→ **WORK ORDER**
Among the entries below, find the lines that hold the word "amount" and report them.

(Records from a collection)
==================================================
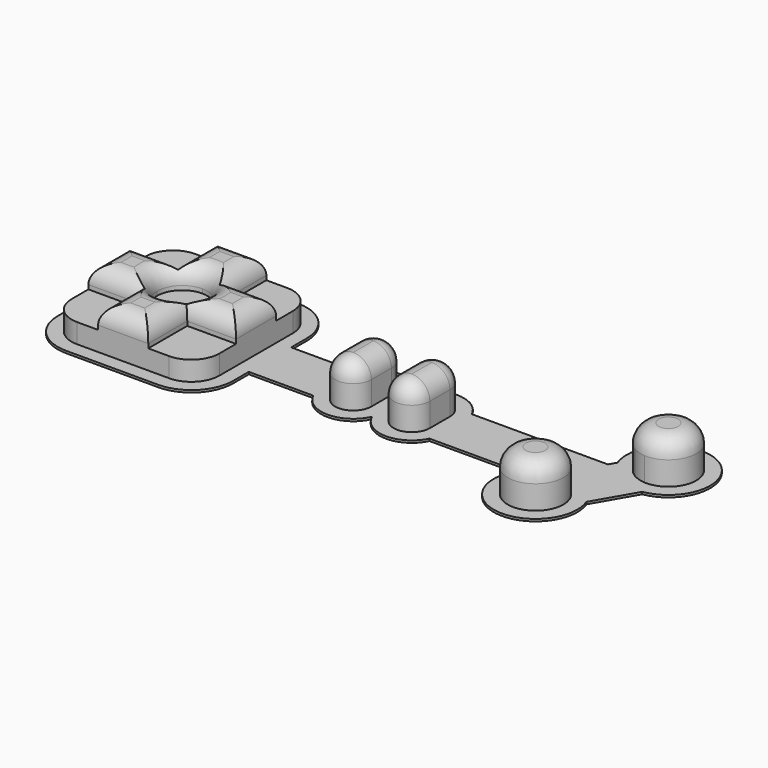
from build123d import *

# Parameters (mm, degrees)
F0_W         = 16
F0_H         = 4.5
F0_W_2       = 6.5
F0_W_3       = 4
F1_DEPTH     = 0.4
F2_W         = 6.5
F2_H         = 2.25
F3_DEPTH     = 7.5
F5_DEPTH     = 4
F6_T1_DEPTH  = 16.875
F6_T3_DEPTH  = 16.875
F6_T5_DEPTH  = 25.25
F6_T7_DEPTH  = 16.875
F6_T9_DEPTH  = 25.25
F6_T11_DEPTH = 16.875
F6_T13_DEPTH = 4.5
F6_T18_ANGLE = 180
F6_T20_ANGLE = 180
F6_T26_ANGLE = 180
F6_T28_ANGLE = 180
F6_T33_DEPTH = 25
F6_T37_DEPTH = 25
F6_T44_DEPTH = 25
F6_T48_DEPTH = 25
F6_T55_DEPTH = 25
F6_T59_DEPTH = 25
F6_T66_DEPTH = 25
F6_T70_DEPTH = 25


# Not quite as in the source:
# - a fillet or chamfer that OpenCascade refuses, or shapes differently, is made with other operations: its cross-section is extruded or revolved along the edge and cut away or added
# - the program builds the solid bodies; features that only make, move or delete a surface that nothing else refers to are left out


with BuildPart() as f1:
    # F0 (on Top) → F1 (new body)
    with BuildSketch(Plane.XY):
        with BuildLine():
            ThreePointArc((37.8219210467, -4.7500002533), (41.5209457211, -7.8065188161), (46.25, -6.9934167973))
            ThreePointArc((46.25, -6.9934167973), (47.3607749493, -5.9978186662), (48.1780789533, -4.7500002533))
            Line((48.1780789533, -4.7500002533), (63.9480825285, -4.7500002533))
            ThreePointArc((63.9480825285, -4.7500002533), (69.6474452613, -16.1274569996), (77.3637438503, -6.0087617448))
            Line((77.3637438503, -6.0087617448), (81.5596503471, 1.2587614915))
            ThreePointArc((81.5596503471, 1.2587614915), (84.098076338, 15.1554447856), (73.3324085724, 6.0087617448))
            Line((73.3324085724, 6.0087617448), (72.6056622864, 4.7500002533))
            Line((72.6056622864, 4.7500002533), (48.1780789533, 4.7500002533))
            ThreePointArc((48.1780789533, 4.7500002533), (43, 8.0000002533), (37.8219210467, 4.7500002533))
            Line((37.8219210467, 4.7500002533), (37.6780789533, 4.7500002533))
            ThreePointArc((37.6780789533, 4.7500002533), (32.5, 8.0000002533), (27.3219210467, 4.7500002533))
            Line((27.3219210467, 4.7500002533), (15.7500002533, 4.7500002533))
            Line((15.7500002533, 4.7500002533), (15.7500002533, 8.25))
            ThreePointArc((15.7500002533, 8.25), (13.553301038, 13.553301038), (8.25, 15.7500002533))
            Line((8.25, 15.7500002533), (-8.25, 15.7500002533))
            ThreePointArc((-8.25, 15.7500002533), (-13.553301038, 13.553301038), (-15.7500002533, 8.25))
            Line((-15.7500002533, 8.25), (-15.7500002533, -8.25))
            ThreePointArc((-15.7500002533, -8.25), (-13.553301038, -13.553301038), (-8.25, -15.7500002533))
            Line((-8.25, -15.7500002533), (8.25, -15.7500002533))
            ThreePointArc((8.25, -15.7500002533), (13.553301038, -13.553301038), (15.7500002533, -8.25))
            Line((15.7500002533, -8.25), (15.7500002533, -4.7500002533))
            Line((15.7500002533, -4.7500002533), (27.3219210467, -4.7500002533))
            ThreePointArc((27.3219210467, -4.7500002533), (32.5, -8.0000002533), (37.6780789533, -4.7500002533))
            Line((37.6780789533, -4.7500002533), (37.8219210467, -4.7500002533))
        make_face()
        with BuildLine():
            ThreePointArc((13.25, -8.25), (11.7855339059, -11.7855339059), (8.25, -13.25))
            Line((8.25, -13.25), (4.5, -13.25))
            Line((4.5, -13.25), (-4.5, -13.25))
            Line((-4.5, -13.25), (-8.25, -13.25))
            ThreePointArc((-8.25, -13.25), (-11.7855339059, -11.7855339059), (-13.25, -8.25))
            Line((-13.25, -8.25), (-13.25, -4.5))
            Line((-13.25, -4.5), (-13.25, 4.5))
            Line((-13.25, 4.5), (-13.25, 8.25))
            ThreePointArc((-13.25, 8.25), (-11.7855339059, 11.7855339059), (-8.25, 13.25))
            Line((-8.25, 13.25), (-4.5, 13.25))
            Line((-4.5, 13.25), (4.5, 13.25))
            Line((4.5, 13.25), (8.25, 13.25))
            ThreePointArc((8.25, 13.25), (11.7855339059, 11.7855339059), (13.25, 8.25))
            Line((13.25, 8.25), (13.25, 4.5))
            Line((13.25, 4.5), (13.25, 2.25))
            Line((13.25, 2.25), (29.25, 2.25))
            ThreePointArc((29.25, 2.25), (32.5, 5.5), (35.75, 2.25))
            Line((35.75, 2.25), (39.75, 2.25))
            ThreePointArc((39.75, 2.25), (43, 5.5), (46.25, 2.25))
            Line((46.25, 2.25), (74.0490381057, 2.25))
            Line((74.0490381057, 2.25), (76.1669476654, 5.9183269633))
            ThreePointArc((76.1669476654, 5.9183269633), (82.8480762114, 12.9903810568), (80.0640619824, 3.6683269633))
            Line((80.0640619824, 3.6683269633), (74.5292047573, -5.9183269633))
            ThreePointArc((74.5292047573, -5.9183269633), (67.8480762114, -12.9903810568), (70.6320904403, -3.6683269633))
            Line((70.6320904403, -3.6683269633), (71.4509618943, -2.25))
            Line((71.4509618943, -2.25), (46.25, -2.25))
            ThreePointArc((46.25, -2.25), (43, -5.5), (39.75, -2.25))
            Line((39.75, -2.25), (35.75, -2.25))
            ThreePointArc((35.75, -2.25), (32.5, -5.5), (29.25, -2.25))
            Line((29.25, -2.25), (13.25, -2.25))
            Line((13.25, -2.25), (13.25, -4.5))
            Line((13.25, -4.5), (13.25, -8.25))
        make_face(mode=Mode.SUBTRACT)
        Polygon((46.25, 2.25), (46.25, -2.25), (71.4509618943, -2.25), (74.0490381057, 2.25), align=None)
        Polygon((-4.5, -13.25), (4.5, -13.25), (4.5, -4.5), (0, -4.5), (-4.5, -4.5), align=None)
        Polygon((4.5, 0), (4.5, -4.5), (13.25, -4.5), (13.25, -2.25), (13.25, 2.25), (13.25, 4.5), (4.5, 4.5), align=None)
        Polygon((-4.5, 4.5), (0, 4.5), (4.5, 4.5), (4.5, 13.25), (-4.5, 13.25), align=None)
        Polygon((-13.25, -4.5), (-4.5, -4.5), (-4.5, 0), (-4.5, 4.5), (-13.25, 4.5), align=None)
        with BuildLine():
            ThreePointArc((80.0640619824, 3.6683269633), (82.8480762114, 12.9903810568), (76.1669476654, 5.9183269633))
            ThreePointArc((76.1669476654, 5.9183269633), (77.8480762114, 4.3301270189), (80.0640619824, 3.6683269633))
        make_face()
        with BuildLine():
            ThreePointArc((74.5292047573, -5.9183269633), (72.8480762114, -4.3301270189), (70.6320904403, -3.6683269633))
            ThreePointArc((70.6320904403, -3.6683269633), (67.8480762114, -12.9903810568), (74.5292047573, -5.9183269633))
        make_face()
        with Locations((21.25, 0)):
            Rectangle(F0_W, F0_H)
        with BuildLine():
            Line((-8.25, -13.25), (-4.5, -13.25))
            Line((-4.5, -13.25), (-4.5, -4.5))
            Line((-4.5, -4.5), (-13.25, -4.5))
            Line((-13.25, -4.5), (-13.25, -8.25))
            ThreePointArc((-13.25, -8.25), (-11.7855339059, -11.7855339059), (-8.25, -13.25))
        make_face()
        with BuildLine():
            Line((4.5, 13.25), (4.5, 4.5))
            Line((4.5, 4.5), (13.25, 4.5))
            Line((13.25, 4.5), (13.25, 8.25))
            ThreePointArc((13.25, 8.25), (11.7855339059, 11.7855339059), (8.25, 13.25))
            Line((8.25, 13.25), (4.5, 13.25))
        make_face()
        with BuildLine():
            Line((4.5, -13.25), (8.25, -13.25))
            ThreePointArc((8.25, -13.25), (11.7855339059, -11.7855339059), (13.25, -8.25))
            Line((13.25, -8.25), (13.25, -4.5))
            Line((13.25, -4.5), (4.5, -4.5))
            Line((4.5, -4.5), (4.5, -13.25))
        make_face()
        with BuildLine():
            Line((-13.25, 4.5), (-4.5, 4.5))
            Line((-4.5, 4.5), (-4.5, 13.25))
            Line((-4.5, 13.25), (-8.25, 13.25))
            ThreePointArc((-8.25, 13.25), (-11.7855339059, 11.7855339059), (-13.25, 8.25))
            Line((-13.25, 8.25), (-13.25, 4.5))
        make_face()
        with BuildLine():
            ThreePointArc((0, -4.5), (3.1819805153, -3.1819805153), (4.5, 0))
            ThreePointArc((4.5, 0), (3.1819805153, 3.1819805153), (0, 4.5))
            ThreePointArc((0, 4.5), (-3.1819805153, 3.1819805153), (-4.5, 0))
            ThreePointArc((-4.5, 0), (-3.1819805153, -3.1819805153), (0, -4.5))
        make_face()
        with BuildLine():
            Line((74.0490381057, 2.25), (71.4509618943, -2.25))
            Line((71.4509618943, -2.25), (70.6320904403, -3.6683269633))
            ThreePointArc((70.6320904403, -3.6683269633), (72.8480762114, -4.3301270189), (74.5292047573, -5.9183269633))
            Line((74.5292047573, -5.9183269633), (80.0640619824, 3.6683269633))
            ThreePointArc((80.0640619824, 3.6683269633), (77.8480762114, 4.3301270189), (76.1669476654, 5.9183269633))
            Line((76.1669476654, 5.9183269633), (74.0490381057, 2.25))
        make_face()
        with Locations((32.5, 0)):
            Rectangle(F0_W_2, F0_H)
        with Locations((43, 0)):
            Rectangle(F0_W_2, F0_H)
        with Locations((37.75, 0)):
            Rectangle(F0_W_3, F0_H)
        with BuildLine():
            Line((35.75, -2.25), (29.25, -2.25))
            ThreePointArc((29.25, -2.25), (32.5, -5.5), (35.75, -2.25))
        make_face()
        with BuildLine():
            Line((46.25, -2.25), (39.75, -2.25))
            ThreePointArc((39.75, -2.25), (43, -5.5), (46.25, -2.25))
        make_face()
        with BuildLine():
            ThreePointArc((46.25, 2.25), (43, 5.5), (39.75, 2.25))
            Line((39.75, 2.25), (46.25, 2.25))
        make_face()
        with BuildLine():
            ThreePointArc((35.75, 2.25), (32.5, 5.5), (29.25, 2.25))
            Line((29.25, 2.25), (35.75, 2.25))
        make_face()
        with BuildLine():
            ThreePointArc((0, 4.5), (3.1819805153, 3.1819805153), (4.5, 0))
            Line((4.5, 0), (4.5, 4.5))
            Line((4.5, 4.5), (0, 4.5))
        make_face()
        with BuildLine():
            Line((0, -4.5), (4.5, -4.5))
            Line((4.5, -4.5), (4.5, 0))
            ThreePointArc((4.5, 0), (3.1819805153, -3.1819805153), (0, -4.5))
        make_face()
        with BuildLine():
            Line((-4.5, 4.5), (-4.5, 0))
            ThreePointArc((-4.5, 0), (-3.1819805153, 3.1819805153), (0, 4.5))
            Line((0, 4.5), (-4.5, 4.5))
        make_face()
        with BuildLine():
            Line((-4.5, 0), (-4.5, -4.5))
            Line((-4.5, -4.5), (0, -4.5))
            ThreePointArc((0, -4.5), (-3.1819805153, -3.1819805153), (-4.5, 0))
        make_face()
    extrude(amount=F1_DEPTH)

    # F2 (on face) → F3 (join)
    with BuildSketch(Plane.XY.offset(0.4)):
        with BuildLine():
            Line((-13.25, 4.5), (-4.5, 4.5))
            Line((-4.5, 4.5), (-4.5, 13.25))
            Line((-4.5, 13.25), (-8.25, 13.25))
            ThreePointArc((-8.25, 13.25), (-11.7855339059, 11.7855339059), (-13.25, 8.25))
            Line((-13.25, 8.25), (-13.25, 4.5))
        make_face()
        Polygon((-4.5, 4.5), (0, 4.5), (4.5, 4.5), (4.5, 13.25), (-4.5, 13.25), align=None)
        with BuildLine():
            Line((4.5, 13.25), (4.5, 4.5))
            Line((4.5, 4.5), (13.25, 4.5))
            Line((13.25, 4.5), (13.25, 8.25))
            ThreePointArc((13.25, 8.25), (11.7855339059, 11.7855339059), (8.25, 13.25))
            Line((8.25, 13.25), (4.5, 13.25))
        make_face()
        Polygon((4.5, 0), (4.5, -4.5), (13.25, -4.5), (13.25, -2.25), (13.25, 2.25), (13.25, 4.5), (4.5, 4.5), align=None)
        with BuildLine():
            Line((4.5, -13.25), (8.25, -13.25))
            ThreePointArc((8.25, -13.25), (11.7855339059, -11.7855339059), (13.25, -8.25))
            Line((13.25, -8.25), (13.25, -4.5))
            Line((13.25, -4.5), (4.5, -4.5))
            Line((4.5, -4.5), (4.5, -13.25))
        make_face()
        Polygon((-4.5, -13.25), (4.5, -13.25), (4.5, -4.5), (0, -4.5), (-4.5, -4.5), align=None)
        with BuildLine():
            Line((-8.25, -13.25), (-4.5, -13.25))
            Line((-4.5, -13.25), (-4.5, -4.5))
            Line((-4.5, -4.5), (-13.25, -4.5))
            Line((-13.25, -4.5), (-13.25, -8.25))
            ThreePointArc((-13.25, -8.25), (-11.7855339059, -11.7855339059), (-8.25, -13.25))
        make_face()
        with BuildLine():
            Line((-4.5, 0), (-4.5, -4.5))
            Line((-4.5, -4.5), (0, -4.5))
            ThreePointArc((0, -4.5), (-3.1819805153, -3.1819805153), (-4.5, 0))
        make_face()
        with BuildLine():
            Line((0, -4.5), (4.5, -4.5))
            Line((4.5, -4.5), (4.5, 0))
            ThreePointArc((4.5, 0), (3.1819805153, -3.1819805153), (0, -4.5))
        make_face()
        with BuildLine():
            Line((-4.5, 4.5), (-4.5, 0))
            ThreePointArc((-4.5, 0), (-3.1819805153, 3.1819805153), (0, 4.5))
            Line((0, 4.5), (-4.5, 4.5))
        make_face()
        Polygon((-13.25, -4.5), (-4.5, -4.5), (-4.5, 0), (-4.5, 4.5), (-13.25, 4.5), align=None)
        with BuildLine():
            ThreePointArc((0, 4.5), (3.1819805153, 3.1819805153), (4.5, 0))
            Line((4.5, 0), (4.5, 4.5))
            Line((4.5, 4.5), (0, 4.5))
        make_face()
        with BuildLine():
            ThreePointArc((0, -4.5), (3.1819805153, -3.1819805153), (4.5, 0))
            ThreePointArc((4.5, 0), (3.1819805153, 3.1819805153), (0, 4.5))
            ThreePointArc((0, 4.5), (-3.1819805153, 3.1819805153), (-4.5, 0))
            ThreePointArc((-4.5, 0), (-3.1819805153, -3.1819805153), (0, -4.5))
        make_face()
        with Locations((32.5, -1.125)):
            Rectangle(F2_W, F2_H)
        with Locations((32.5, 1.125)):
            Rectangle(F2_W, F2_H)
        with BuildLine():
            ThreePointArc((35.75, 2.25), (32.5, 5.5), (29.25, 2.25))
            Line((29.25, 2.25), (35.75, 2.25))
        make_face()
        with BuildLine():
            Line((35.75, -2.25), (29.25, -2.25))
            ThreePointArc((29.25, -2.25), (32.5, -5.5), (35.75, -2.25))
        make_face()
        with BuildLine():
            Line((46.25, -2.25), (39.75, -2.25))
            ThreePointArc((39.75, -2.25), (43, -5.5), (46.25, -2.25))
        make_face()
        with Locations((43, -1.125)):
            Rectangle(F2_W, F2_H)
        with Locations((43, 1.125)):
            Rectangle(F2_W, F2_H)
        with BuildLine():
            ThreePointArc((46.25, 2.25), (43, 5.5), (39.75, 2.25))
            Line((39.75, 2.25), (46.25, 2.25))
        make_face()
        with BuildLine():
            ThreePointArc((72.8480762114, -4.3301270189), (71.7788727151, -3.8693437522), (70.6320904403, -3.6683269633))
            ThreePointArc((70.6320904403, -3.6683269633), (67.8480762114, -12.9903810568), (74.5292047573, -5.9183269633))
            ThreePointArc((74.5292047573, -5.9183269633), (73.7817279741, -5.0256927751), (72.8480762114, -4.3301270189))
        make_face()
        with BuildLine():
            ThreePointArc((80.0640619824, 3.6683269633), (82.8480762114, 12.9903810568), (76.1669476654, 5.9183269633))
            ThreePointArc((76.1669476654, 5.9183269633), (76.9144244486, 5.0256927751), (77.8480762114, 4.3301270189))
            ThreePointArc((77.8480762114, 4.3301270189), (78.9172797076, 3.8693437522), (80.0640619824, 3.6683269633))
        make_face()
    extrude(amount=F3_DEPTH)

    # F4 (on face) → F5 (cut)
    with BuildSketch(Plane.XY.offset(7.9)):
        with BuildLine():
            Line((4.5, 13.25), (4.5, 4.5))
            Line((4.5, 4.5), (13.25, 4.5))
            Line((13.25, 4.5), (13.25, 8.25))
            ThreePointArc((13.25, 8.25), (11.7855339059, 11.7855339059), (8.25, 13.25))
            Line((8.25, 13.25), (4.5, 13.25))
        make_face()
        with BuildLine():
            Line((-13.25, 4.5), (-4.5, 4.5))
            Line((-4.5, 4.5), (-4.5, 13.25))
            Line((-4.5, 13.25), (-8.25, 13.25))
            ThreePointArc((-8.25, 13.25), (-11.7855339059, 11.7855339059), (-13.25, 8.25))
            Line((-13.25, 8.25), (-13.25, 4.5))
        make_face()
        with BuildLine():
            Line((-8.25, -13.25), (-4.5, -13.25))
            Line((-4.5, -13.25), (-4.5, -4.5))
            Line((-4.5, -4.5), (-13.25, -4.5))
            Line((-13.25, -4.5), (-13.25, -8.25))
            ThreePointArc((-13.25, -8.25), (-11.7855339059, -11.7855339059), (-8.25, -13.25))
        make_face()
        with BuildLine():
            Line((4.5, -13.25), (8.25, -13.25))
            ThreePointArc((8.25, -13.25), (11.7855339059, -11.7855339059), (13.25, -8.25))
            Line((13.25, -8.25), (13.25, -4.5))
            Line((13.25, -4.5), (4.5, -4.5))
            Line((4.5, -4.5), (4.5, -13.25))
        make_face()
        with BuildLine():
            ThreePointArc((0, -4.5), (3.1819805153, -3.1819805153), (4.5, 0))
            ThreePointArc((4.5, 0), (3.1819805153, 3.1819805153), (0, 4.5))
            ThreePointArc((0, 4.5), (-3.1819805153, 3.1819805153), (-4.5, 0))
            ThreePointArc((-4.5, 0), (-3.1819805153, -3.1819805153), (0, -4.5))
        make_face()
    extrude(amount=-F5_DEPTH, mode=Mode.SUBTRACT)

    # F6: fillet of radius 3.25 on 23 edges, made by hand

    # F6_s2 → F6_t1 (cut)
    with BuildSketch(Plane.YZ.offset(-21.375)):
        with BuildLine():
            ThreePointArc((1.25, 7.9), (3.5480970389, 6.9480970389), (4.5, 4.65))
            Line((4.5, 4.65), (4.5, 7.9))
            Line((4.5, 7.9), (1.25, 7.9))
        make_face()
        with BuildLine():
            ThreePointArc((-4.5, 4.65), (-3.5480970389, 6.9480970389), (-1.25, 7.9))
            Line((-1.25, 7.9), (-4.5, 7.9))
            Line((-4.5, 7.9), (-4.5, 4.65))
        make_face()
    extrude(amount=F6_T1_DEPTH, mode=Mode.SUBTRACT)

    # F6_s4 → F6_t3 (cut)
    with BuildSketch(Plane.XZ.offset(-21.375)):
        with BuildLine():
            ThreePointArc((-1.25, 7.9), (-3.5480970389, 6.9480970389), (-4.5, 4.65))
            Line((-4.5, 4.65), (-4.5, 7.9))
            Line((-4.5, 7.9), (-1.25, 7.9))
        make_face()
        with BuildLine():
            ThreePointArc((1.25, 7.9), (3.5480970389, 6.9480970389), (4.5, 4.65))
            Line((4.5, 4.65), (4.5, 7.9))
            Line((4.5, 7.9), (1.25, 7.9))
        make_face()
    extrude(amount=F6_T3_DEPTH, mode=Mode.SUBTRACT)

    # F6_s6 → F6_t5 (cut)
    with BuildSketch(Plane.YZ.offset(-12.625)):
        with BuildLine():
            ThreePointArc((13.25, 4.65), (12.2980970389, 6.9480970389), (10, 7.9))
            Line((10, 7.9), (13.25, 7.9))
            Line((13.25, 7.9), (13.25, 4.65))
        make_face()
        with BuildLine():
            ThreePointArc((-13.25, 4.65), (-12.2980970389, 6.9480970389), (-10, 7.9))
            Line((-10, 7.9), (-13.25, 7.9))
            Line((-13.25, 7.9), (-13.25, 4.65))
        make_face()
    extrude(amount=F6_T5_DEPTH, mode=Mode.SUBTRACT)

    # F6_s8 → F6_t7 (cut)
    with BuildSketch(Plane.YZ.offset(4.5)):
        with BuildLine():
            ThreePointArc((1.25, 7.9), (3.5480970389, 6.9480970389), (4.5, 4.65))
            Line((4.5, 4.65), (4.5, 7.9))
            Line((4.5, 7.9), (1.25, 7.9))
        make_face()
        with BuildLine():
            ThreePointArc((-1.25, 7.9), (-3.5480970389, 6.9480970389), (-4.5, 4.65))
            Line((-4.5, 4.65), (-4.5, 7.9))
            Line((-4.5, 7.9), (-1.25, 7.9))
        make_face()
    extrude(amount=F6_T7_DEPTH, mode=Mode.SUBTRACT)

    # F6_s10 → F6_t9 (cut)
    with BuildSketch(Plane.XZ.offset(-12.625)):
        with BuildLine():
            ThreePointArc((13.25, 4.65), (12.2980970389, 6.9480970389), (10, 7.9))
            Line((10, 7.9), (13.25, 7.9))
            Line((13.25, 7.9), (13.25, 4.65))
        make_face()
        with BuildLine():
            ThreePointArc((-13.25, 4.65), (-12.2980970389, 6.9480970389), (-10, 7.9))
            Line((-10, 7.9), (-13.25, 7.9))
            Line((-13.25, 7.9), (-13.25, 4.65))
        make_face()
    extrude(amount=F6_T9_DEPTH, mode=Mode.SUBTRACT)

    # F6_s12 → F6_t11 (cut)
    with BuildSketch(Plane.XZ.offset(4.5)):
        with BuildLine():
            ThreePointArc((1.25, 7.9), (3.5480970389, 6.9480970389), (4.5, 4.65))
            Line((4.5, 4.65), (4.5, 7.9))
            Line((4.5, 7.9), (1.25, 7.9))
        make_face()
        with BuildLine():
            ThreePointArc((-1.25, 7.9), (-3.5480970389, 6.9480970389), (-4.5, 4.65))
            Line((-4.5, 4.65), (-4.5, 7.9))
            Line((-4.5, 7.9), (-1.25, 7.9))
        make_face()
    extrude(amount=F6_T11_DEPTH, mode=Mode.SUBTRACT)

    # F6_s14 → F6_t13 (cut)
    with BuildSketch(Plane.XZ.offset(-2.25)):
        with BuildLine():
            ThreePointArc((35.75, 4.65), (34.7980970389, 6.9480970389), (32.5, 7.9))
            Line((32.5, 7.9), (35.75, 7.9))
            Line((35.75, 7.9), (35.75, 4.65))
        make_face()
        with BuildLine():
            ThreePointArc((46.25, 4.65), (45.2980970389, 6.9480970389), (43, 7.9))
            Line((43, 7.9), (46.25, 7.9))
            Line((46.25, 7.9), (46.25, 4.65))
        make_face()
        with BuildLine():
            ThreePointArc((39.75, 4.65), (40.7019029611, 6.9480970389), (43, 7.9))
            Line((43, 7.9), (39.75, 7.9))
            Line((39.75, 7.9), (39.75, 4.65))
        make_face()
        with BuildLine():
            ThreePointArc((29.25, 4.65), (30.2019029611, 6.9480970389), (32.5, 7.9))
            Line((32.5, 7.9), (29.25, 7.9))
            Line((29.25, 7.9), (29.25, 4.65))
        make_face()
    extrude(amount=F6_T13_DEPTH, mode=Mode.SUBTRACT)

    # F6_s15 → F6_t16 (revolve, cut)
    with BuildSketch(Plane.XZ):
        with BuildLine():
            ThreePointArc((7.75, 7.9), (5.4519029611, 6.9480970389), (4.5, 4.65))
            Line((4.5, 4.65), (4.5, 7.9))
            Line((4.5, 7.9), (7.75, 7.9))
        make_face()
    revolve(axis=Axis((0, 0, 7.9), (0, 0, 1)), mode=Mode.SUBTRACT)

    # F6_s17 → F6_t18 (revolve, cut)
    with BuildSketch(Plane.XZ.offset(2.25)):
        with BuildLine():
            ThreePointArc((39.75, 4.65), (40.7019029611, 6.9480970389), (43, 7.9))
            Line((43, 7.9), (39.75, 7.9))
            Line((39.75, 7.9), (39.75, 4.65))
        make_face()
    revolve(axis=Axis((43, -2.25, 7.9), (0, 0, 1)), revolution_arc=F6_T18_ANGLE, mode=Mode.SUBTRACT)

    # F6_s19 → F6_t20 (revolve, cut)
    with BuildSketch(Plane.XZ.offset(-2.25)):
        with BuildLine():
            ThreePointArc((46.25, 4.65), (45.2980970389, 6.9480970389), (43, 7.9))
            Line((43, 7.9), (46.25, 7.9))
            Line((46.25, 7.9), (46.25, 4.65))
        make_face()
    revolve(axis=Axis((43, 2.25, 7.9), (0, 0, 1)), revolution_arc=F6_T20_ANGLE, mode=Mode.SUBTRACT)

    # F6_s21 → F6_t22 (revolve, cut)
    with BuildSketch(Plane(origin=(56.5110571585, -32.6266740627, 0), x_dir=(0, 0, 1), z_dir=(0.8660254038, -0.5, 0))):
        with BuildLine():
==================================================
→ **ANSWER BELOW**
    extrude(amount=F1_DEPTH)
    extrude(amount=F3_DEPTH)
    extrude(amount=-F5_DEPTH, mode=Mode.SUBTRACT)
    extrude(amount=F6_T1_DEPTH, mode=Mode.SUBTRACT)
    extrude(amount=F6_T3_DEPTH, mode=Mode.SUBTRACT)
    extrude(amount=F6_T5_DEPTH, mode=Mode.SUBTRACT)
    extrude(amount=F6_T7_DEPTH, mode=Mode.SUBTRACT)
    extrude(amount=F6_T9_DEPTH, mode=Mode.SUBTRACT)
    extrude(amount=F6_T11_DEPTH, mode=Mode.SUBTRACT)
    extrude(amount=F6_T13_DEPTH, mode=Mode.SUBTRACT)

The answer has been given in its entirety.